Indian IT firms have taken the cue. Thus, top players TCS, Infosys, Wipro, Satyam, Cognizant, HCL, Satyam, Patni and MindTree have reported vigorous efforts to promote spin offs from consulting efforts in travel, manufacturing, hospitality, financial services and retail.

High-end business consulting offers premium returns that can countervail lower margins on the pure software side.

While consulting revenues have grown at a very high pace, the base is quite small. TCS clocked a 60 percent rise in revenues from consulting that contributed 3.4 percent of the total revenues at $137 million.

Most firms have chalked out plans to increase the contribution of consulting to at least 10 percent of total revenues, given the high value.

Other strategies are being looked at with new international markets one primary focus in order to build on other currency revenue streams such as the pound, euro and yen, given the falling dollar.

TCS, with a strong presence in the U.S., has unveiled a new center in Bangalore to focus on clients in the Asia Pacific, Middle East and Africa. The new push is to garner work from banks and finance firms outside the U.S. to reduce dependence on dollar billing.

Infosys has been looking to operate from new low-cost locations. The firm is opening a facility in Mexico — its first in Latin America — in a bid to be as close to its maximum customer base in U.S.

Infosys recently beat global software giants Capgemini and IBM to take over three captive outsourcing units in Thailand, India and Poland of the Netherlands-based consumer electronics giant Royal Philips Electronics for $28 million.

“The European market is good because incrementally we are seeing more growth in Europe than in the U.S., including countries like Germany and France,” Infosys said in a statement.

In an effort to work closely with the market, Wipro has made one of the largest overseas acquisitions in the technology space when it acquired U.S.-based, Nasdaq-listed outsourcing firm Infocrossing for $600 million.

Indeed, these efforts may see Indian IT companies tide over some of its problems, though the going will be tough.
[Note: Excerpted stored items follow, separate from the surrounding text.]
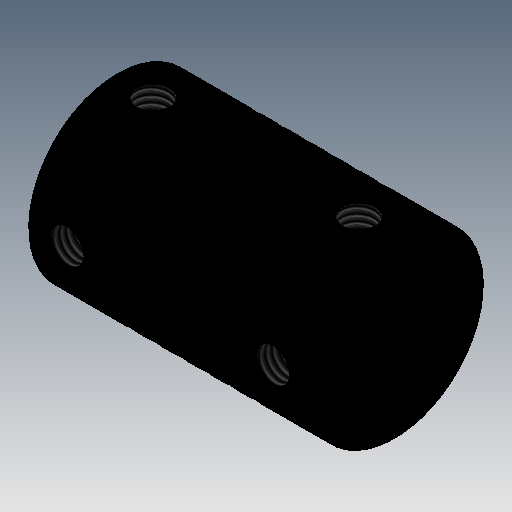
# Autodesk Inventor part: MCJN14-4-4_body
Saved by Autodesk Inventor 2019.4 (Build 234330000, 330)
## iProperties
Category: PARTsolutions
Company: MISUMI
Created: 2019-06-16
Part Number: MCJN14-4-4_body
Material: 一般
Catalog Web Link: www.cadenas.de
Description: MCJN_body-Couplings - Resin Type
Vendor: MISUMI
Document SubType Name: Modeling
Designer: psadmin
Manufacturer: MISUMI
Mass: 2.07781 g
Surface Area: 25.8504 cm^2
Volume: 2.07781 cm^3
Density: 1 g/cm^3
Appearance: PSOLRGB-0-0-0
PSOL_IDENT_0: {$CADENAS_DATA\23d-libs\misumi\metric\50_couplings\mcjn.prj},175 {VTYP=3D},{NB=MCJN14-4-4_body},{LIN
PSOL_IDENT_1: A=MCJN14-4-4},{NN=MCJN_body},{DATE=30.03.2018 07:24:16},{GEOMDATE=10.09.2008 06:56:00},{VERSION=},{L
PSOL_IDENT_2: INEID=20},{WBVAR=DD1,DD2},{WBNUMERIC=}  {NB=MCJN14-4-4_body},{LINA=MCJN14-4-4},{KT=DUMMY},{PN=MCJN14
PSOL_IDENT_3: -4-4},{MAT=Glass Fiber Reinforced PBT Resin},{AC=Set Screw},{TYPE=MCJN},{NO=14},{DD1=4},{DD1ALG1='4'
PSOL_IDENT_4: ,'4'},{DD1ALG2=4},{DD2=4},{DD2ALG1='2.5','2.5','3','3','3.2','3.2','4','4'},{DD2ALG2=4},{D=13.5},{DI
PSOL_IDENT_5: A=13.500},{L=21},{L1=21},{LL1=21},{LL11=21.000},{LL=5.3},{F=2.7},{M=M3X5},{T=0.2},{DL=4},{DR=4},{TSI
PSOL_IDENT_6: MD=3.000},{TSIMIN=2.459},{DIA1=2.8400},{L11=0.950},{L2=3.780},{L3=1.900},{TSS=3.000},{LSS=5.000}
NN: MCJN_body
NT: Couplings - Resin Type
NB: MCJN14-4-4_body
NBSYN: $TYPE.$NO.-$DD1.-$DD2._body
LINA: MCJN14-4-4
PN: MCJN14-4-4
MAT: Glass Fiber Reinforced PBT Resin
AC: Set Screw
NO: 14
DD1: 4
DD2: 4
D: 13.5
L: 21
LL: 5.3
F: 2.7
M: M3X5
T: 0.2
SUPPLIER: MISUMI
ARTICLENO: MCJN14-4-4_body
BOMINFO: MCJN14-4-4
CREATOR: CADENAS GmbH
Title: MCJN14-4-4
Author: Cadenas PARTsolutions
Comments: Couplings - Resin Type
Autodesk Inventor part; units mm, degrees
sketch "Sketch_1" plane through (0, 0, 0) normal (0, 0, 1) x (1, 0, 0)
  line L0 (21, 0) -> (0, 0)
  line L1 (0, 0) -> (0, 6.75)
  line L2 (0, 6.75) -> (21, 6.75)
  line L3 (21, 6.75) -> (21, 0)
  line L4 (21, 0) -> (0, 0)
  constraints: 10 end point
revolve "Revolution1" add sketch "Sketch_1" angle 360 about axis through (21, 0, 0) along (1, 0, 0)
sketch "Sketch_2" plane through (0, 0, 0) normal (0, 0, 1) x (1, 0, 0)
  line L0 (15.7, 0) -> (0, 0)
  line L1 (0, 0) -> (0, 2)
  line L2 (0, 2) -> (15.7, 2)
  line L3 (15.7, 2) -> (15.7, 0)
  line L4 (15.7, 0) -> (0, 0)
  constraints: 10 end point
revolve "Revolution2" cut sketch "Sketch_2" angle 360 about axis through (15.7, 0, 0) along (1, 0, 0)
sketch "Sketch3" plane through (21, 0, 0) normal (1, 0, 0) x (0, 0, -1)
  point P0 (0, 0)
hole "Hole1" at (21, 0, 0) direction (-1, 0, 0) diameter 4 depth 5.3
sketch "Sketch_4" plane through (0, 0, 0) normal (0, 0, 1) x (1, 0, 0)
  arc A0 (5.3, 1.9) -> (6.25, 1.9) centre (5.775, 1.9) ccw
  line L0 (6.25, 1.9) -> (6.25, 6.75)
  line L1 (6.25, 6.75) -> (9.125, 6.75)
  line L2 (9.125, 6.75) -> (9.125, 1.9)
  arc A1 (9.125, 1.9) -> (10.075, 1.9) centre (9.6, 1.9) ccw
  line L3 (10.075, 1.9) -> (10.075, 6.75)
  line L4 (10.075, 6.75) -> (12.85, 6.75)
  line L5 (12.85, 6.75) -> (12.85, 1.9)
  arc A2 (12.85, 1.9) -> (13.8, 1.9) centre (13.325, 1.9) ccw
  line L6 (13.8, 1.9) -> (13.8, 8.1)
  line L7 (13.8, 8.1) -> (5.3, 8.1)
  line L8 (5.3, 8.1) -> (5.3, 1.9)
  constraints: 18 end point, 6 point on circle, 3 centre point
extrude "Extrusion1" cut sketch "Sketch_4" along normal mid plane 13.5
sketch "Sketch_5" plane through (0, 0, 0) normal (0, 0, 1) x (1, 0, 0)
  line L0 (5.3, -1.9) -> (5.3, -8.1)
  line L1 (5.3, -8.1) -> (13.8, -8.1)
  line L2 (13.8, -8.1) -> (13.8, -1.9)
  arc A0 (13.8, -1.9) -> (12.85, -1.9) centre (13.325, -1.9) ccw
  line L3 (12.85, -1.9) -> (12.85, -6.75)
  line L4 (12.85, -6.75) -> (10.075, -6.75)
  line L5 (10.075, -6.75) -> (10.075, -1.9)
  arc A1 (10.075, -1.9) -> (9.125, -1.9) centre (9.6, -1.9) ccw
  line L6 (9.125, -1.9) -> (9.125, -6.75)
  line L7 (9.125, -6.75) -> (6.25, -6.75)
  line L8 (6.25, -6.75) -> (6.25, -1.9)
  arc A2 (6.25, -1.9) -> (5.3, -1.9) centre (5.775, -1.9) ccw
  constraints: 18 end point, 6 point on circle, 3 centre point
extrude "Extrusion2" cut sketch "Sketch_5" along normal mid plane 13.5
sketch "Sketch_6" plane through (0, 0, 0) normal (0, 1, 0) x (-1, 0, 0)
  arc A0 (-7.2, -1.9) -> (-8.15, -1.9) centre (-7.675, -1.9) ccw
  line L0 (-8.15, -1.9) -> (-8.15, -6.75)
  line L1 (-8.15, -6.75) -> (-11.025, -6.75)
  line L2 (-11.025, -6.75) -> (-11.025, -1.9)
  arc A1 (-11.025, -1.9) -> (-11.975, -1.9) centre (-11.5, -1.9) ccw
  line L3 (-11.975, -1.9) -> (-11.975, -6.75)
  line L4 (-11.975, -6.75) -> (-14.75, -6.75)
  line L5 (-14.75, -6.75) -> (-14.75, -1.9)
  arc A2 (-14.75, -1.9) -> (-15.7, -1.9) centre (-15.225, -1.9) ccw
  line L6 (-15.7, -1.9) -> (-15.7, -8.1)
  line L7 (-15.7, -8.1) -> (-7.2, -8.1)
  line L8 (-7.2, -8.1) -> (-7.2, -1.9)
  constraints: 18 end point, 6 point on circle, 3 centre point
extrude "Extrusion3" cut sketch "Sketch_6" along normal mid plane 13.5
sketch "Sketch_7" plane through (0, 0, 0) normal (0, 1, 0) x (-1, 0, 0)
  line L0 (-7.2, 1.9) -> (-7.2, 8.1)
  line L1 (-7.2, 8.1) -> (-15.7, 8.1)
  line L2 (-15.7, 8.1) -> (-15.7, 1.9)
  arc A0 (-15.7, 1.9) -> (-14.75, 1.9) centre (-15.225, 1.9) ccw
  line L3 (-14.75, 1.9) -> (-14.75, 6.75)
  line L4 (-14.75, 6.75) -> (-11.975, 6.75)
  line L5 (-11.975, 6.75) -> (-11.975, 1.9)
  arc A1 (-11.975, 1.9) -> (-11.025, 1.9) centre (-11.5, 1.9) ccw
  line L6 (-11.025, 1.9) -> (-11.025, 6.75)
  line L7 (-11.025, 6.75) -> (-8.15, 6.75)
  line L8 (-8.15, 6.75) -> (-8.15, 1.9)
  arc A2 (-8.15, 1.9) -> (-7.2, 1.9) centre (-7.675, 1.9) ccw
  constraints: 18 end point, 6 point on circle, 3 centre point
extrude "Extrusion4" cut sketch "Sketch_7" along normal mid plane 13.5
sketch "Sketch_8" plane through (2.7, 0, 0) normal (1, 0, 0) x (0, 0, -1)
  line L0 (0, 0) -> (0, 6.75)
  line L1 (0, 6.75) -> (1.5, 6.75)
  line L2 (1.5, 6.75) -> (1.2295, 6.4795)
  line L3 (1.2295, 6.4795) -> (1.2295, 0)
  line L4 (1.2295, 0) -> (0, 0)
  line L5 (0, 0) -> (0, 6.75)
  constraints: 12 end point
revolve "Revolution3" cut sketch "Sketch_8" angle 360 about axis through (2.7, 0, 0) along (0, -1, 0)
thread "Thread1" size "M3x0.5" class "6H" standard "ISO Metric profile" length 4.4795
sketch "Sketch_9" plane through (2.7, 0, 0) normal (1, 0, 0) x (0, 0, -1)
  line L0 (0, 0) -> (-6.75, 0)
  line L1 (-6.75, 0) -> (-6.75, 1.5)
  line L2 (-6.75, 1.5) -> (-6.4795, 1.2295)
  line L3 (-6.4795, 1.2295) -> (0, 1.2295)
  line L4 (0, 1.2295) -> (0, 0)
  line L5 (0, 0) -> (-6.75, 0)
  constraints: 12 end point
revolve "Revolution4" cut sketch "Sketch_9" angle 360 about axis through (2.7, 0, 0) along (0, 0, -1)
thread "Thread2" size "M3x0.5" class "6H" standard "ISO Metric profile" length 4.4795
sketch "Sketch_10" plane through (18.3, 0, 0) normal (1, 0, 0) x (0, 0, -1)
  line L0 (0, 0) -> (0, 6.75)
  line L1 (0, 6.75) -> (1.5, 6.75)
  line L2 (1.5, 6.75) -> (1.2295, 6.4795)
  line L3 (1.2295, 6.4795) -> (1.2295, 0)
  line L4 (1.2295, 0) -> (0, 0)
  line L5 (0, 0) -> (0, 6.75)
  constraints: 12 end point
revolve "Revolution5" cut sketch "Sketch_10" angle 360 about axis through (18.3, 0, 0) along (0, -1, 0)
thread "Thread3" size "M3x0.5" class "6H" standard "ISO Metric profile" length 4.4795
sketch "Sketch_11" plane through (18.3, 0, 0) normal (1, 0, 0) x (0, 0, -1)
  line L0 (0, 0) -> (-6.75, 0)
  line L1 (-6.75, 0) -> (-6.75, 1.5)
  line L2 (-6.75, 1.5) -> (-6.4795, 1.2295)
  line L3 (-6.4795, 1.2295) -> (0, 1.2295)
  line L4 (0, 1.2295) -> (0, 0)
  line L5 (0, 0) -> (-6.75, 0)
  constraints: 12 end point
revolve "Revolution6" cut sketch "Sketch_11" angle 360 about axis through (18.3, 0, 0) along (0, 0, -1)
thread "Thread4" size "M3x0.5" class "6H" standard "ISO Metric profile" length 4.4795
ref_plane "cp1_XY" through (2.7, 6.75, 0) normal (0, 1, 0) x (1, 0, 0)
ref_plane "cp1_YZ" through (2.7, 6.75, 0) normal (1, 0, 0) x (0, 0, -1)
ref_plane "cp1_ZX" through (2.7, 6.75, 0) normal (0, 0, -1) x (0, 1, 0)
ref_plane "cp2_XY" through (18.3, 6.75, 0) normal (0, 1, 0) x (1, 0, 0)
ref_plane "cp2_YZ" through (18.3, 6.75, 0) normal (1, 0, 0) x (0, 0, -1)
ref_plane "cp2_ZX" through (18.3, 6.75, 0) normal (0, 0, -1) x (0, 1, 0)
ref_plane "cp3_XY" through (2.7, 0, 6.75) normal (0, 0, 1) x (1, 0, 0)
ref_plane "cp3_YZ" through (2.7, 0, 6.75) normal (1, 0, 0) x (0, 1, 0)
ref_plane "cp3_ZX" through (2.7, 0, 6.75) normal (0, 1, 0) x (0, 0, 1)
ref_plane "cp4_XY" through (18.3, 0, 6.75) normal (0, 0, 1) x (1, 0, 0)
ref_plane "cp4_YZ" through (18.3, 0, 6.75) normal (1, 0, 0) x (0, 1, 0)
ref_plane "cp4_ZX" through (18.3, 0, 6.75) normal (0, 1, 0) x (0, 0, 1)
body "Solid1"

Recently, the software body National Association of Software and Service Companies has estimated that total software and services revenues, including domestic market, should rise more than 33 percent to reach $64 billion in the financial year 2007-2008 (closing March).

Software exports are estimated to rise 28 percent to cross $40 billion.

“We are well on our way to accomplishing our goals despite some headwinds such as rupee appreciation and U.S. slowdown,” Nasscom president Som Mittal said.

Siddharth Srivastava is India correspondent for Siliconeer. He lives in New Delhi.